A certificate selector, a string which specifies the identities of
zero or more certificates. The specifiers can conform to X.509 naming
conventions.

A cert-sel can also use various shortcuts to match either subject
alternative names, the filename or slot of a certificate in
/etc/inet/ike/publickeys, or even the ISSUER. For example:

"SLOT=0"
"EMAIL=postmaster@domain.org"
"webmaster@domain.org" # Some just work w/o TYPE=
"IP=10.0.0.1"
"10.21.11.11" # Some just work w/o TYPE=
"DNS=www.domain.org"
"mailhost.domain.org" # Some just work w/o TYPE=
"ISSUER=C=US, O=Sun Microsystems\, Inc., CN=Sun CA"


Any cert-sel preceded by the character ! indicates a negative match,
that is, not matching this specifier. These are the same kind of
strings used in ikecert(1M).


ldap-list

A quoted, comma-separated list of LDAP servers and ports.

For example, "ldap1.example.com", "ldap1.example.com:389",
"ldap1.example.com:389,ldap2.example.com".

The default port for LDAP is 389.


parameter-list

A list of parameters.


File Body Entries


There are four main types of entries:

o global parameters

o IKE phase 1 transform defaults

o IKE rule defaults

o IKE rules


The global parameter entries are as follows:

cert_root cert-sel

The X.509 distinguished name of a certificate that is a trusted root
CA certificate. It must be encoded in a file in the
/etc/inet/ike/publickeys directory. It must have a CRL in
/etc/inet/ike/crls. Multiple cert_root parameters aggregate.


cert_trust cert-sel

Specifies an X.509 distinguished name of a certificate that is self-
signed, or has otherwise been verified as trustworthy for signing IKE
exchanges. It must be encoded in a file in /etc/inet/ike/publickeys.
Multiple cert_trust parameters aggregate.


expire_timer integer

The number of seconds to let a not-yet-complete IKE Phase I (Main
Mode) negotiation linger before deleting it. Default value: 300
seconds.


ignore_crls

If this keyword is present in the file, in.iked(1M) ignores
Certificate Revocation Lists (CRLs) for root CAs (as given in
cert_root)


ldap_server ldap-list

A list of LDAP servers to query for certificates. The list can be
additive.


pkcs11_path string

The string that follows is a name of a shared object (.so) that
implements the PKCS#11 standard.

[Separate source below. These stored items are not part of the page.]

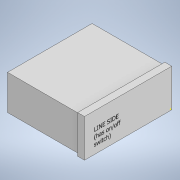
# Autodesk Inventor part: Power_entry_AK_or_AR_2
Saved by Autodesk Inventor 2020 (Build 240168000, 168)
## iProperties
Created: 2020-01-13
Part Number: Power_entry_AK_or_AR_2
Material: Generic
Document SubType Name: Modeling
Designer: ColinP
Density: 1 g/cm^3
Appearance: Default
Author: ColinP
Autodesk Inventor part; units mm, degrees
ref_plane "YZ Plane" through (0, 0, 0) normal (1, 0, 0) x (0, 1, 0)
ref_plane "XZ Plane" through (0, 0, 0) normal (0, 1, 0) x (-1, 0, 0)
ref_plane "XY Plane" through (0, 0, 0) normal (0, 0, 1) x (1, 0, 0)
sketch "Sketch1" plane through (0, 0, 0) normal (0, 1, 0) x (-1, 0, 0)
  line L0 (0, 0) -> (0, 65.278)
  line L1 (0, 65.278) -> (55.118, 65.278)
  line L2 (55.118, 65.278) -> (55.118, 0)
  line L3 (55.118, 0) -> (0, 0)
  dimension "d0" = 65.278
  dimension "d1" = 55.118
  constraints: 8 end point, 2 perpendicular, 2 vertical
  measures "d0" distance of L0.start L0.end
  measures "d1" distance of L0.end L1.end
extrude "Extrusion1" add sketch "Sketch1" along normal blind 26.8986
sketch "Sketch2" plane through (0, 0, 65.278) normal (1, 0, 0) x (0, 0, -1)
  line L0 (65.278, 26.8986) -> (0, 26.8986) projected
  line L1 (65.278, 0) -> (0, 0) projected
  line L2 (0, 0) -> (0, -1.1557)
  line L3 (0, -1.1557) -> (-1.016, -1.1557)
  line L4 (-1.016, -1.1557) -> (-1.016, 28.0543)
  line L5 (-1.016, 28.0543) -> (66.294, 28.0543)
  line L6 (66.294, 28.0543) -> (66.294, -1.1557)
  line L7 (66.294, -1.1557) -> (0, -1.1557)
  dimension "d7" = 1.1557
  dimension "d8" = 1.016
  dimension "d9" = 29.21
  dimension "d10" = 67.31
  constraints: 12 end point, 4 perpendicular, 1 horizontal, 1 point on line, 1 vertical
  measures "d7" distance of L1.end L2.end
  measures "d8" distance of L2.end L3.end
  measures "d9" distance of L3.end L4.end
  measures "d10" distance of L4.end L5.end
extrude "Extrusion2" add sketch "Sketch2" along normal blind 5.334
sketch "Sketch3" plane through (5.334, 0, 65.278) normal (1, 0, 0) x (0, 0, -1)
  line L0 (6.2473, 17.0204) -> (32.1207, 17.0204) construction
  line L1 (32.1207, 17.0204) -> (32.1207, 13.8637) construction
  line L2 (32.1207, 13.8637) -> (6.2473, 13.8637) construction
  line L3 (6.2473, 13.8637) -> (6.2473, 17.0204) construction
  point P0 (65.278, 0)
  constraints: 2 other
sketch "Sketch4" plane through (-55.118, 0, 0) normal (-1, 0, 0) x (0, 0, 1)
  line L0 (-2.6118, 20.4476) -> (65.0145, 20.4476) construction
  line L1 (65.0145, 20.4476) -> (65.0145, -8.8115) construction
  line L2 (65.0145, -8.8115) -> (-2.6118, -8.8115) construction
  line L3 (-2.6118, -8.8115) -> (-2.6118, 20.4476) construction
  point P0 (0, 0)
  constraints: 2 other
body "Solid1"
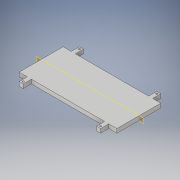
# Autodesk Inventor part: BottomPanel
Saved by Autodesk Inventor 2018 (Build 220112000, 112)
## iProperties
Created: 2018-10-20
Part Number: BottomPanel
Material: Generic
Document SubType Name: Modeling
Designer: jpark
Density: 1 g/cm^3
Appearance: Default
Author: jpark
Autodesk Inventor part; units mm, degrees
ref_plane "YZ Plane" through (0, 0, 0) normal (1, 0, 0) x (0, 1, 0)
ref_plane "XZ Plane" through (0, 0, 0) normal (0, 1, 0) x (-1, 0, 0)
ref_plane "XY Plane" through (0, 0, 0) normal (0, 0, 1) x (1, 0, 0)
sketch "Sketch1" plane through (0, 0, 0) normal (0, 1, 0) x (-1, 0, 0)
  line L0 (0, 0) -> (152.4, 0)
  line L1 (152.4, 0) -> (152.4, -68.58)
  line L2 (152.4, -68.58) -> (0, -68.58)
  line L3 (0, -68.58) -> (0, 0)
  dimension "d0" = 152.4
  dimension "d1" = 68.58
  constraints: 8 end point, 2 parallel, 1 horizontal, 1 perpendicular
  measures "d0" distance of L1.end L2.end
  measures "d1" distance of L0.end L1.end
extrude "Extrusion1" add sketch "Sketch1" along normal blind 6.35
sketch "Sketch2" plane through (0, 6.35, 0) normal (0, 1, 0) x (1, 0, 0)
  line L0 (-133.35, 0) -> (-139.7, 0)
  line L1 (-139.7, 0) -> (-139.7, -12.7)
  line L2 (-139.7, -12.7) -> (-133.35, -12.7)
  line L3 (-133.35, -12.7) -> (-133.35, 0)
  circle A0 centre (-136.525, -9.525) radius 1.397
  line L4 (-152.4, 0) -> (0, 0) projected
  line L5 (-12.7, 0) -> (-19.05, 0)
  line L6 (-19.05, 0) -> (-19.05, -12.7)
  line L7 (-19.05, -12.7) -> (-12.7, -12.7)
  line L8 (-12.7, -12.7) -> (-12.7, 0)
  circle A1 centre (-15.875, -9.525) radius 1.397
  dimension "d4" = 12.7
  dimension "d5" = 6.35
  dimension "d6" = 2.794
  dimension "d7" = 3.175
  dimension "d8" = 3.175
  dimension "d9" = 0
  dimension "d10" = 12.7
  dimension "d11" = 12.7
  dimension "d12" = 6.35
  dimension "d13" = 2.794
  dimension "d14" = 3.175
  dimension "d15" = 3.175
  dimension "d16" = 0
  dimension "d17" = 12.7
  constraints: 16 end point, 4 parallel, 2 centre point, 2 horizontal, 2 perpendicular
  measures "d4" distance of L0.end L1.end
  measures "d5" distance of L1.end L2.end
  measures "d6" diameter of A0
  measures "d7" distance from line of L2 A0.centre
  measures "d8" distance from line of L3 A0.centre
  measures "d9" distance between parallel lines of L4 L0
  measures "d10" distance from line of L4.start L1
  measures "d11" distance of L5.end L6.end
  measures "d12" distance of L6.end L7.end
  measures "d13" diameter of A1
  measures "d14" distance from line of L7 A1.centre
  measures "d15" distance from line of L8 A1.centre
  measures "d16" distance between parallel lines of L4 L5
  measures "d17" distance from line of L4.end L8
extrude "Extrusion2" add sketch "Sketch2" against normal blind 6.35
ref_plane "Work Plane1" through (-133.35, 0, -34.29) normal (0, 0, 1) x (1, 0, 0)
mirror "Mirror1" about plane through (-133.35, 0, -34.29) normal (0, 0, 1) of "Extrusion2"
body "Solid1"

The name is passed directly into
dlopen(3C) for linking, with all of the semantics of that library
call. By default, in.iked(1M) runs the same ISA as the running
kernel, so a library specified using pkcs11_path and an absolute
pathname must match the same ISA as the kernel. One can use the
start/exec SMF property (see svccfg(1M)) to change in.iked's ISA, but
it is not recommended.

If this setting is not present, the default value is set to
libpkcs11.so. Most cryptographic providers go through the default
library, and this parameter should only be used if a specialized
provider of IKE-useful cryptographic services cannot interface with
the Solaris Cryptographic Framework. See cryptoadm(1M).

This option is now deprecated, and may be removed in a future
release.


retry_limit integer

The number of retransmits before any IKE negotiation is aborted.
Default value: 5 times.


retry_timer_init integer or float

The initial interval (in seconds) between retransmits. This interval
is doubled until the retry_timer_max value (see below) is reached.
Default value: 0.5 seconds.


retry_timer_max integer or float

The maximum interval (in seconds) between retransmits. The doubling
retransmit interval stops growing at this limit. Default value: 30
seconds.

Note -

This value is never reached with the default configuration. The
longest interval is 8 (0.5 * 2 ^ (5 - 1)) seconds.


proxy string

The string following this keyword must be a URL for an HTTP proxy,
for example, http://proxy:8080.


socks string

The string following this keyword must be a URL for a SOCKS proxy,
for example, socks://socks-proxy.


use_http

If this keyword is present in the file, in.iked(1M) uses HTTP to
retrieve Certificate Revocation Lists (CRLs).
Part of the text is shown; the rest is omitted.